In its complaint to the American Arbitration Association, MGIC makes no bones that it thinks Countrywide, eager to exploit the housing bubble, embarked on “a reckless strategy to attract new subprime and other high-risk business.” And the insurer goes on to cite a clutch of cases to prove its point. We found the narrative lively reading (and we’re grateful to Mark Hanson for bringing it to our attention).

There is, for example, the woman who bought a $600,000 house, claiming she worked as an account exec at a California investment firm, earned $13,494.03 (nice touch that three cents) a month, had a $45,000 bank account at Wells Fargo and, according to the insurance application, made a $30,000 down payment.

When MGIC nosed around, it discovered the investment firm she supposedly worked for didn’t exist, neither did the bank account, she hadn’t made a down payment and she actually earned $3,901.58 a month as a janitor at a medical facility.

In another instance, a $350,000 loan was extended by Countrywide to a fellow who wanted to buy a home valued at that amount and claimed he was a dairy foreman earning $10,5000 a month.
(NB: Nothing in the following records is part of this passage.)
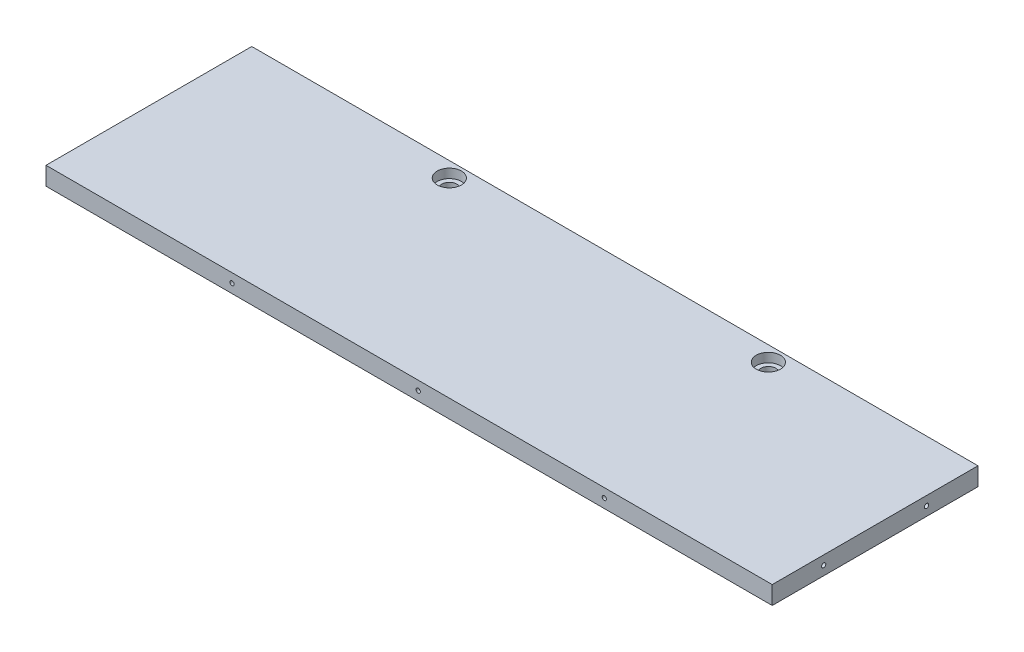
ISO-10303-21;
HEADER;
FILE_DESCRIPTION(('STEP AP214'),'2;1');
FILE_NAME('part.step','',(''),(''),'','','');
FILE_SCHEMA(('AUTOMOTIVE_DESIGN { 1 0 10303 214 1 1 1 1 }'));
ENDSEC;
DATA;
#1=APPLICATION_CONTEXT('core data for automotive mechanical design processes');
#2=APPLICATION_PROTOCOL_DEFINITION('international standard','automotive_design',2000,#1);
#3=PRODUCT_CONTEXT('',#1,'mechanical');
#4=PRODUCT('Part','Part','',(#3));
#5=PRODUCT_RELATED_PRODUCT_CATEGORY('part','',(#4));
#6=PRODUCT_DEFINITION_FORMATION('','',#4);
#7=PRODUCT_DEFINITION_CONTEXT('part definition',#1,'design');
#8=PRODUCT_DEFINITION('design','',#6,#7);
#9=PRODUCT_DEFINITION_SHAPE('','',#8);
#10=(LENGTH_UNIT() NAMED_UNIT(*) SI_UNIT(.MILLI.,.METRE.));
#11=(NAMED_UNIT(*) PLANE_ANGLE_UNIT() SI_UNIT($,.RADIAN.));
#12=(NAMED_UNIT(*) SI_UNIT($,.STERADIAN.) SOLID_ANGLE_UNIT());
#13=UNCERTAINTY_MEASURE_WITH_UNIT(LENGTH_MEASURE(1.E-05),#10,'distance_accuracy_value','');
#14=(GEOMETRIC_REPRESENTATION_CONTEXT(3) GLOBAL_UNCERTAINTY_ASSIGNED_CONTEXT((#13)) GLOBAL_UNIT_ASSIGNED_CONTEXT((#10,
#11,#12)) REPRESENTATION_CONTEXT('',''));
#15=CARTESIAN_POINT('',(0.,0.,0.));
#16=DIRECTION('',(0.,0.,1.));
#17=DIRECTION('',(1.,0.,0.));
#18=AXIS2_PLACEMENT_3D('',#15,#16,#17);
#19=CARTESIAN_POINT('',(-24.857141963306,0.,-14.5000000409357));
#20=DIRECTION('',(0.,1.,0.));
#21=DIRECTION('',(0.,0.,1.));
#22=AXIS2_PLACEMENT_3D('',#19,#20,#21);
#23=CYLINDRICAL_SURFACE('',#22,1.25);
#24=CARTESIAN_POINT('',(-24.857141963306,0.,-14.5000000409357));
#25=DIRECTION('',(0.,1.,0.));
#26=DIRECTION('',(0.,0.,1.));
#27=AXIS2_PLACEMENT_3D('',#24,#25,#26);
#28=CIRCLE('',#27,1.25);
#29=CARTESIAN_POINT('',(-24.857141963306,0.,-13.2500000409357));
#30=VERTEX_POINT('',#29);
#31=EDGE_CURVE('E123',#30,#30,#28,.T.);
#32=ORIENTED_EDGE('',*,*,#31,.F.);
#33=EDGE_LOOP('',(#32));
#34=FACE_BOUND('',#33,.T.);
#35=CARTESIAN_POINT('',(-24.857141963306,1.5,-14.5000000409357));
#36=DIRECTION('',(0.,1.,0.));
#37=DIRECTION('',(0.,0.,1.));
#38=AXIS2_PLACEMENT_3D('',#35,#36,#37);
#39=CIRCLE('',#38,1.25);
#40=CARTESIAN_POINT('',(-24.857141963306,1.5,-13.2500000409357));
#41=VERTEX_POINT('',#40);
#42=EDGE_CURVE('E43',#41,#41,#39,.F.);
#43=ORIENTED_EDGE('',*,*,#42,.F.);
#44=EDGE_LOOP('',(#43));
#45=FACE_BOUND('',#44,.T.);
#46=ADVANCED_FACE('F39',(#34,#45),#23,.F.);
#47=CARTESIAN_POINT('',(27.8571437509797,0.,-14.5000000409357));
#48=DIRECTION('',(0.,1.,0.));
#49=DIRECTION('',(0.,0.,1.));
#50=AXIS2_PLACEMENT_3D('',#47,#48,#49);
#51=CYLINDRICAL_SURFACE('',#50,1.25);
#52=CARTESIAN_POINT('',(27.8571437509797,0.,-14.5000000409357));
#53=DIRECTION('',(0.,1.,0.));
#54=DIRECTION('',(0.,0.,1.));
#55=AXIS2_PLACEMENT_3D('',#52,#53,#54);
#56=CIRCLE('',#55,1.25);
#57=CARTESIAN_POINT('',(27.8571437509797,0.,-13.2500000409357));
#58=VERTEX_POINT('',#57);
#59=EDGE_CURVE('E112',#58,#58,#56,.T.);
#60=ORIENTED_EDGE('',*,*,#59,.F.);
#61=EDGE_LOOP('',(#60));
#62=FACE_BOUND('',#61,.T.);
#63=CARTESIAN_POINT('',(27.8571437509797,1.5,-14.5000000409357));
#64=DIRECTION('',(0.,1.,0.));
#65=DIRECTION('',(0.,0.,1.));
#66=AXIS2_PLACEMENT_3D('',#63,#64,#65);
#67=CIRCLE('',#66,1.25);
#68=CARTESIAN_POINT('',(27.8571437509797,1.5,-13.2500000409357));
#69=VERTEX_POINT('',#68);
#70=EDGE_CURVE('E117',#69,#69,#67,.F.);
#71=ORIENTED_EDGE('',*,*,#70,.F.);
#72=EDGE_LOOP('',(#71));
#73=FACE_BOUND('',#72,.T.);
#74=ADVANCED_FACE('F151',(#62,#73),#51,.F.);
#75=CARTESIAN_POINT('',(-60.,3.,17.));
#76=DIRECTION('',(-1.,0.,0.));
#77=DIRECTION('',(0.,0.,1.));
#78=AXIS2_PLACEMENT_3D('',#75,#76,#77);
#79=PLANE('',#78);
#80=DIRECTION('',(0.,0.,-1.));
#81=VECTOR('',#80,1.);
#82=CARTESIAN_POINT('',(-60.,0.,17.));
#83=LINE('',#82,#81);
#84=CARTESIAN_POINT('',(-60.,0.,17.));
#85=VERTEX_POINT('',#84);
#86=CARTESIAN_POINT('',(-60.,0.,-17.));
#87=VERTEX_POINT('',#86);
#88=EDGE_CURVE('E108',#85,#87,#83,.T.);
#89=ORIENTED_EDGE('',*,*,#88,.F.);
#90=DIRECTION('',(0.,-1.,0.));
#91=VECTOR('',#90,1.);
#92=CARTESIAN_POINT('',(-60.,3.,17.));
#93=LINE('',#92,#91);
#94=CARTESIAN_POINT('',(-60.,3.,17.));
#95=VERTEX_POINT('',#94);
#96=EDGE_CURVE('E11',#95,#85,#93,.T.);
#97=ORIENTED_EDGE('',*,*,#96,.F.);
#98=DIRECTION('',(0.,0.,-1.));
#99=VECTOR('',#98,1.);
#100=CARTESIAN_POINT('',(-60.,3.,17.));
#101=LINE('',#100,#99);
#102=CARTESIAN_POINT('',(-60.,3.,-17.));
#103=VERTEX_POINT('',#102);
#104=EDGE_CURVE('E102',#95,#103,#101,.T.);
#105=ORIENTED_EDGE('',*,*,#104,.T.);
#106=DIRECTION('',(0.,-1.,0.));
#107=VECTOR('',#106,1.);
#108=CARTESIAN_POINT('',(-60.,3.,-17.));
#109=LINE('',#108,#107);
#110=EDGE_CURVE('E81',#103,#87,#109,.T.);
#111=ORIENTED_EDGE('',*,*,#110,.T.);
#112=EDGE_LOOP('',(#89,#97,#105,#111));
#113=FACE_BOUND('',#112,.T.);
#114=ADVANCED_FACE('F41',(#113),#79,.T.);
#115=CARTESIAN_POINT('',(-60.,3.,17.));
#116=DIRECTION('',(0.,0.,-1.));
#117=DIRECTION('',(-1.,0.,0.));
#118=AXIS2_PLACEMENT_3D('',#115,#116,#117);
#119=PLANE('',#118);
#120=CARTESIAN_POINT('',(-29.25,1.5,17.));
#121=DIRECTION('',(0.,0.,1.));
#122=DIRECTION('',(1.,0.,0.));
#123=AXIS2_PLACEMENT_3D('',#120,#121,#122);
#124=CIRCLE('',#123,0.350000000000001);
#125=CARTESIAN_POINT('',(-28.9,1.5,17.));
#126=VERTEX_POINT('',#125);
#127=EDGE_CURVE('E407',#126,#126,#124,.T.);
#128=ORIENTED_EDGE('',*,*,#127,.F.);
#129=EDGE_LOOP('',(#128));
#130=FACE_BOUND('',#129,.T.);
#131=CARTESIAN_POINT('',(1.50000000000002,1.49999999999999,17.));
#132=DIRECTION('',(0.,0.,1.));
#133=DIRECTION('',(1.,0.,0.));
#134=AXIS2_PLACEMENT_3D('',#131,#132,#133);
#135=CIRCLE('',#134,0.35);
#136=CARTESIAN_POINT('',(1.85000000000002,1.49999999999999,17.));
#137=VERTEX_POINT('',#136);
#138=EDGE_CURVE('E412',#137,#137,#135,.T.);
#139=ORIENTED_EDGE('',*,*,#138,.F.);
#140=EDGE_LOOP('',(#139));
#141=FACE_BOUND('',#140,.T.);
#142=CARTESIAN_POINT('',(32.25,1.49999999999999,17.));
#143=DIRECTION('',(0.,0.,1.));
#144=DIRECTION('',(1.,0.,0.));
#145=AXIS2_PLACEMENT_3D('',#142,#143,#144);
#146=CIRCLE('',#145,0.350000000000001);
#147=CARTESIAN_POINT('',(32.6,1.49999999999999,17.));
#148=VERTEX_POINT('',#147);
#149=EDGE_CURVE('E420',#148,#148,#146,.T.);
#150=ORIENTED_EDGE('',*,*,#149,.F.);
#151=EDGE_LOOP('',(#150));
#152=FACE_BOUND('',#151,.T.);
#153=DIRECTION('',(1.,0.,0.));
#154=VECTOR('',#153,1.);
#155=CARTESIAN_POINT('',(-60.,0.,17.));
#156=LINE('',#155,#154);
#157=CARTESIAN_POINT('',(60.,0.,17.));
#158=VERTEX_POINT('',#157);
#159=EDGE_CURVE('E73',#85,#158,#156,.T.);
#160=ORIENTED_EDGE('',*,*,#159,.T.);
#161=DIRECTION('',(0.,-1.,0.));
#162=VECTOR('',#161,1.);
#163=CARTESIAN_POINT('',(60.,3.,17.));
#164=LINE('',#163,#162);
#165=CARTESIAN_POINT('',(60.,3.,17.));
#166=VERTEX_POINT('',#165);
#167=EDGE_CURVE('E49',#166,#158,#164,.T.);
#168=ORIENTED_EDGE('',*,*,#167,.F.);
#169=DIRECTION('',(1.,0.,0.));
#170=VECTOR('',#169,1.);
#171=CARTESIAN_POINT('',(-60.,3.,17.));
#172=LINE('',#171,#170);
#173=EDGE_CURVE('E91',#95,#166,#172,.T.);
#174=ORIENTED_EDGE('',*,*,#173,.F.);
#175=ORIENTED_EDGE('',*,*,#96,.T.);
#176=EDGE_LOOP('',(#160,#168,#174,#175));
#177=FACE_BOUND('',#176,.T.);
#178=ADVANCED_FACE('F186',(#130,#141,#152,#177),#119,.F.);
#179=CARTESIAN_POINT('',(60.,3.,17.));
#180=DIRECTION('',(-1.,0.,0.));
#181=DIRECTION('',(0.,0.,1.));
#182=AXIS2_PLACEMENT_3D('',#179,#180,#181);
#183=PLANE('',#182);
#184=CARTESIAN_POINT('',(60.,1.50000000000003,8.50000000000002));
#185=DIRECTION('',(1.,0.,0.));
#186=DIRECTION('',(0.,0.,-1.));
#187=AXIS2_PLACEMENT_3D('',#184,#185,#186);
#188=CIRCLE('',#187,0.349999999999999);
#189=CARTESIAN_POINT('',(60.,1.50000000000003,8.15000000000002));
#190=VERTEX_POINT('',#189);
#191=EDGE_CURVE('E428',#190,#190,#188,.T.);
#192=ORIENTED_EDGE('',*,*,#191,.F.);
#193=EDGE_LOOP('',(#192));
#194=FACE_BOUND('',#193,.T.);
#195=CARTESIAN_POINT('',(60.,1.50000000000003,-8.49999999999999));
#196=DIRECTION('',(1.,0.,0.));
#197=DIRECTION('',(0.,0.,-1.));
#198=AXIS2_PLACEMENT_3D('',#195,#196,#197);
#199=CIRCLE('',#198,0.349999999999999);
#200=CARTESIAN_POINT('',(60.,1.50000000000003,-8.84999999999999));
#201=VERTEX_POINT('',#200);
#202=EDGE_CURVE('E410',#201,#201,#199,.T.);
#203=ORIENTED_EDGE('',*,*,#202,.F.);
#204=EDGE_LOOP('',(#203));
#205=FACE_BOUND('',#204,.T.);
#206=DIRECTION('',(0.,0.,-1.));
#207=VECTOR('',#206,1.);
#208=CARTESIAN_POINT('',(60.,0.,17.));
#209=LINE('',#208,#207);
#210=CARTESIAN_POINT('',(60.,0.,-17.));
#211=VERTEX_POINT('',#210);
#212=EDGE_CURVE('E98',#158,#211,#209,.T.);
#213=ORIENTED_EDGE('',*,*,#212,.T.);
#214=DIRECTION('',(0.,-1.,0.));
#215=VECTOR('',#214,1.);
#216=CARTESIAN_POINT('',(60.,3.,-17.));
#217=LINE('',#216,#215);
#218=CARTESIAN_POINT('',(60.,3.,-17.));
#219=VERTEX_POINT('',#218);
#220=EDGE_CURVE('E95',#219,#211,#217,.T.);
#221=ORIENTED_EDGE('',*,*,#220,.F.);
#222=DIRECTION('',(0.,0.,-1.));
#223=VECTOR('',#222,1.);
#224=CARTESIAN_POINT('',(60.,3.,17.));
#225=LINE('',#224,#223);
#226=EDGE_CURVE('E86',#166,#219,#225,.T.);
#227=ORIENTED_EDGE('',*,*,#226,.F.);
#228=ORIENTED_EDGE('',*,*,#167,.T.);
#229=EDGE_LOOP('',(#213,#221,#227,#228));
#230=FACE_BOUND('',#229,.T.);
#231=ADVANCED_FACE('F96',(#194,#205,#230),#183,.F.);
#232=CARTESIAN_POINT('',(-60.,3.,-17.));
#233=DIRECTION('',(0.,0.,-1.));
#234=DIRECTION('',(-1.,0.,0.));
#235=AXIS2_PLACEMENT_3D('',#232,#233,#234);
#236=PLANE('',#235);
#237=DIRECTION('',(1.,0.,0.));
#238=VECTOR('',#237,1.);
#239=CARTESIAN_POINT('',(-60.,0.,-17.));
#240=LINE('',#239,#238);
#241=EDGE_CURVE('E111',#87,#211,#240,.T.);
#242=ORIENTED_EDGE('',*,*,#241,.F.);
#243=ORIENTED_EDGE('',*,*,#110,.F.);
#244=DIRECTION('',(1.,0.,0.));
#245=VECTOR('',#244,1.);
#246=CARTESIAN_POINT('',(-60.,3.,-17.));
#247=LINE('',#246,#245);
#248=EDGE_CURVE('E90',#103,#219,#247,.T.);
#249=ORIENTED_EDGE('',*,*,#248,.T.);
#250=ORIENTED_EDGE('',*,*,#220,.T.);
#251=EDGE_LOOP('',(#242,#243,#249,#250));
#252=FACE_BOUND('',#251,.T.);
#253=ADVANCED_FACE('F101',(#252),#236,.T.);
#254=CARTESIAN_POINT('',(0.,3.,0.));
#255=DIRECTION('',(0.,-1.,0.));
#256=DIRECTION('',(0.,0.,-1.));
#257=AXIS2_PLACEMENT_3D('',#254,#255,#256);
#258=PLANE('',#257);
#259=CARTESIAN_POINT('',(-24.857141963306,3.,-14.5000000409357));
#260=DIRECTION('',(0.,1.,0.));
#261=DIRECTION('',(0.,0.,1.));
#262=AXIS2_PLACEMENT_3D('',#259,#260,#261);
#263=CIRCLE('',#262,2.);
#264=CARTESIAN_POINT('',(-24.857141963306,3.,-12.5000000409357));
#265=VERTEX_POINT('',#264);
#266=EDGE_CURVE('E125',#265,#265,#263,.T.);
#267=ORIENTED_EDGE('',*,*,#266,.F.);
#268=EDGE_LOOP('',(#267));
#269=FACE_BOUND('',#268,.T.);
#270=CARTESIAN_POINT('',(27.8571437509797,3.,-14.5000000409357));
#271=DIRECTION('',(0.,1.,0.));
#272=DIRECTION('',(0.,0.,1.));
#273=AXIS2_PLACEMENT_3D('',#270,#271,#272);
#274=CIRCLE('',#273,2.);
#275=CARTESIAN_POINT('',(27.8571437509797,3.,-12.5000000409357));
#276=VERTEX_POINT('',#275);
#277=EDGE_CURVE('E130',#276,#276,#274,.T.);
#278=ORIENTED_EDGE('',*,*,#277,.F.);
#279=EDGE_LOOP('',(#278));
#280=FACE_BOUND('',#279,.T.);
#281=ORIENTED_EDGE('',*,*,#104,.F.);
#282=ORIENTED_EDGE('',*,*,#173,.T.);
#283=ORIENTED_EDGE('',*,*,#226,.T.);
#284=ORIENTED_EDGE('',*,*,#248,.F.);
#285=EDGE_LOOP('',(#281,#282,#283,#284));
#286=FACE_BOUND('',#285,.T.);
#287=ADVANCED_FACE('F89',(#269,#280,#286),#258,.F.);
#288=CARTESIAN_POINT('',(0.,0.,0.));
#289=DIRECTION('',(0.,-1.,0.));
#290=DIRECTION('',(0.,0.,-1.));
#291=AXIS2_PLACEMENT_3D('',#288,#289,#290);
#292=PLANE('',#291);
#293=ORIENTED_EDGE('',*,*,#59,.T.);
#294=EDGE_LOOP('',(#293));
#295=FACE_BOUND('',#294,.T.);
#296=ORIENTED_EDGE('',*,*,#31,.T.);
#297=EDGE_LOOP('',(#296));
#298=FACE_BOUND('',#297,.T.);
#299=ORIENTED_EDGE('',*,*,#88,.T.);
#300=ORIENTED_EDGE('',*,*,#241,.T.);
#301=ORIENTED_EDGE('',*,*,#212,.F.);
#302=ORIENTED_EDGE('',*,*,#159,.F.);
#303=EDGE_LOOP('',(#299,#300,#301,#302));
#304=FACE_BOUND('',#303,.T.);
#305=ADVANCED_FACE('F146',(#295,#298,#304),#292,.T.);
#306=CARTESIAN_POINT('',(27.8571437509797,1.5,-14.5000000409357));
#307=DIRECTION('',(0.,1.,0.));
#308=DIRECTION('',(0.,0.,1.));
#309=AXIS2_PLACEMENT_3D('',#306,#307,#308);
#310=PLANE('',#309);
#311=CARTESIAN_POINT('',(27.8571437509797,1.5,-14.5000000409357));
#312=DIRECTION('',(0.,1.,0.));
#313=DIRECTION('',(0.,0.,1.));
#314=AXIS2_PLACEMENT_3D('',#311,#312,#313);
#315=CIRCLE('',#314,2.);
#316=CARTESIAN_POINT('',(27.8571437509797,1.5,-12.5000000409357));
#317=VERTEX_POINT('',#316);
#318=EDGE_CURVE('E138',#317,#317,#315,.T.);
#319=ORIENTED_EDGE('',*,*,#318,.T.);
#320=EDGE_LOOP('',(#319));
#321=FACE_BOUND('',#320,.T.);
#322=ORIENTED_EDGE('',*,*,#70,.T.);
#323=EDGE_LOOP('',(#322));
#324=FACE_BOUND('',#323,.T.);
#325=ADVANCED_FACE('F167',(#321,#324),#310,.T.);
#326=CARTESIAN_POINT('',(27.8571437509797,1.5,-14.5000000409357));
#327=DIRECTION('',(0.,1.,0.));
#328=DIRECTION('',(0.,0.,1.));
#329=AXIS2_PLACEMENT_3D('',#326,#327,#328);
#330=CYLINDRICAL_SURFACE('',#329,2.);
#331=ORIENTED_EDGE('',*,*,#318,.F.);
#332=EDGE_LOOP('',(#331));
#333=FACE_BOUND('',#332,.T.);
#334=ORIENTED_EDGE('',*,*,#277,.T.);
#335=EDGE_LOOP('',(#334));
#336=FACE_BOUND('',#335,.T.);
#337=ADVANCED_FACE('F158',(#333,#336),#330,.F.);
#338=CARTESIAN_POINT('',(-24.857141963306,1.5,-14.5000000409357));
#339=DIRECTION('',(0.,1.,0.));
#340=DIRECTION('',(0.,0.,1.));
#341=AXIS2_PLACEMENT_3D('',#338,#339,#340);
#342=PLANE('',#341);
#343=CARTESIAN_POINT('',(-24.857141963306,1.5,-14.5000000409357));
#344=DIRECTION('',(0.,1.,0.));
#345=DIRECTION('',(0.,0.,1.));
#346=AXIS2_PLACEMENT_3D('',#343,#344,#345);
#347=CIRCLE('',#346,2.);
#348=CARTESIAN_POINT('',(-24.857141963306,1.5,-12.5000000409357));
#349=VERTEX_POINT('',#348);
#350=EDGE_CURVE('E119',#349,#349,#347,.T.);
#351=ORIENTED_EDGE('',*,*,#350,.T.);
#352=EDGE_LOOP('',(#351));
#353=FACE_BOUND('',#352,.T.);
#354=ORIENTED_EDGE('',*,*,#42,.T.);
#355=EDGE_LOOP('',(#354));
#356=FACE_BOUND('',#355,.T.);
#357=ADVANCED_FACE('F155',(#353,#356),#342,.T.);
#358=CARTESIAN_POINT('',(-24.857141963306,1.5,-14.5000000409357));
#359=DIRECTION('',(0.,1.,0.));
#360=DIRECTION('',(0.,0.,1.));
#361=AXIS2_PLACEMENT_3D('',#358,#359,#360);
#362=CYLINDRICAL_SURFACE('',#361,2.);
#363=ORIENTED_EDGE('',*,*,#350,.F.);
#364=EDGE_LOOP('',(#363));
#365=FACE_BOUND('',#364,.T.);
#366=ORIENTED_EDGE('',*,*,#266,.T.);
#367=EDGE_LOOP('',(#366));
#368=FACE_BOUND('',#367,.T.);
#369=ADVANCED_FACE('F157',(#365,#368),#362,.F.);
#370=CARTESIAN_POINT('',(57.,1.50000000000003,-8.49999999999999));
#371=DIRECTION('',(1.,0.,0.));
#372=DIRECTION('',(0.,0.,-1.));
#373=AXIS2_PLACEMENT_3D('',#370,#371,#372);
#374=CYLINDRICAL_SURFACE('',#373,0.349999999999999);
#375=CARTESIAN_POINT('',(57.,1.50000000000003,-8.49999999999999));
#376=DIRECTION('',(1.,0.,0.));
#377=DIRECTION('',(0.,0.,-1.));
#378=AXIS2_PLACEMENT_3D('',#375,#376,#377);
#379=CIRCLE('',#378,0.349999999999999);
#380=CARTESIAN_POINT('',(57.,1.50000000000003,-8.84999999999999));
#381=VERTEX_POINT('',#380);
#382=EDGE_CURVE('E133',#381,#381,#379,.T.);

Again, the snoops at MGIC discovered the guy was a milker at the dairy who earned $1,100 a month and signed the documents where he was told to — even though he couldn’t read English.

There’s plenty more of the same in the complaint by MGIC charging that Countrywide agents were complicit in various and sundry deceptions. Frankly, we found it all something of a hoot, though it’s not hard to see why MGIC isn’t laughing. But even comic tales typically embody a moral, and this one is no exception. Fraud played no small role in the great demolition of housing, but the principal perpetrators were never diligently pursued and, for the most part, went crying all the way to the bank. Moral hazard, anyone?

I believe mortgage fraud was endemic during the Credit bubble/Housing boom. My best guess was that half of all subprime mortgages, and probably 20% of all other mortgages where there was a mortgage broker involved . . .
>

UPDATE: April 3, 2010 8:22pm

I am surprised at some of the comments, especially when it comes to the blame portion. As I made clear in the book, there is lots of blame to go around — including a healthy portion to those people who bought more house than they could possibly afford.

However — AND THIS IS CRUCIAL — an individual mortgagee has a very different standard of care and legal fiduciary obligations than does a lender, bank and/or mortgage broker. The individual’s obligation is to pay their mortgae or forfeit the house. The bank, on the other hand, has very specific fiduciary obligations, laws it must follow, standards it is obligated to meet.

When a bank doesn’t ask for an Income or credit check, they are telling the borrower they we don’t care what your income is. What some people have foolishly termed “predatory borrowing” is in reality a poor excuse for what is nothing more than half arsed, incompetent banking.

>
Source:
Not All Milk and Honey
ALAN ABELSON
Barron’s April 5, 2010 http://online.barrons.com/article/SB127024918973371375.html

Category: Credit, Legal, Real Estate

Please use the comments to demonstrate your own ignorance, unfamiliarity with empirical data and lack of respect for scientific knowledge. Be sure to create straw men and argue against things I have neither said nor implied. If you could repeat previously discredited memes or steer the conversation into irrelevant, off topic discussions, it would be appreciated. Lastly, kindly forgo all civility in your discourse . . . you are, after all, anonymous.

43 Responses to “Mortgage Fraud, Anyone?”

  1. perra says:

    I wonder how many people would be sentenced to jail term in connection with the events leading up to the financial crisis if one followed the letter of the law. I’m not from the US and am not familiar with your legal system, but I am surprised that not more people are behind bars.

  2. On that exact subject:

    U.S. Probes Foreclosure-Data Provider
    Lender Processing Services Unit Draws Inquiry Over the Steps That Led to Faulty Bank Paperwork

    The prosecutors are “reviewing the business processes” of the subsidiary of Lender Processing Services Inc., based in Jacksonville, Fla., according to the company’s annual securities filing released in February. People familiar with the matter say the probe is criminal in nature.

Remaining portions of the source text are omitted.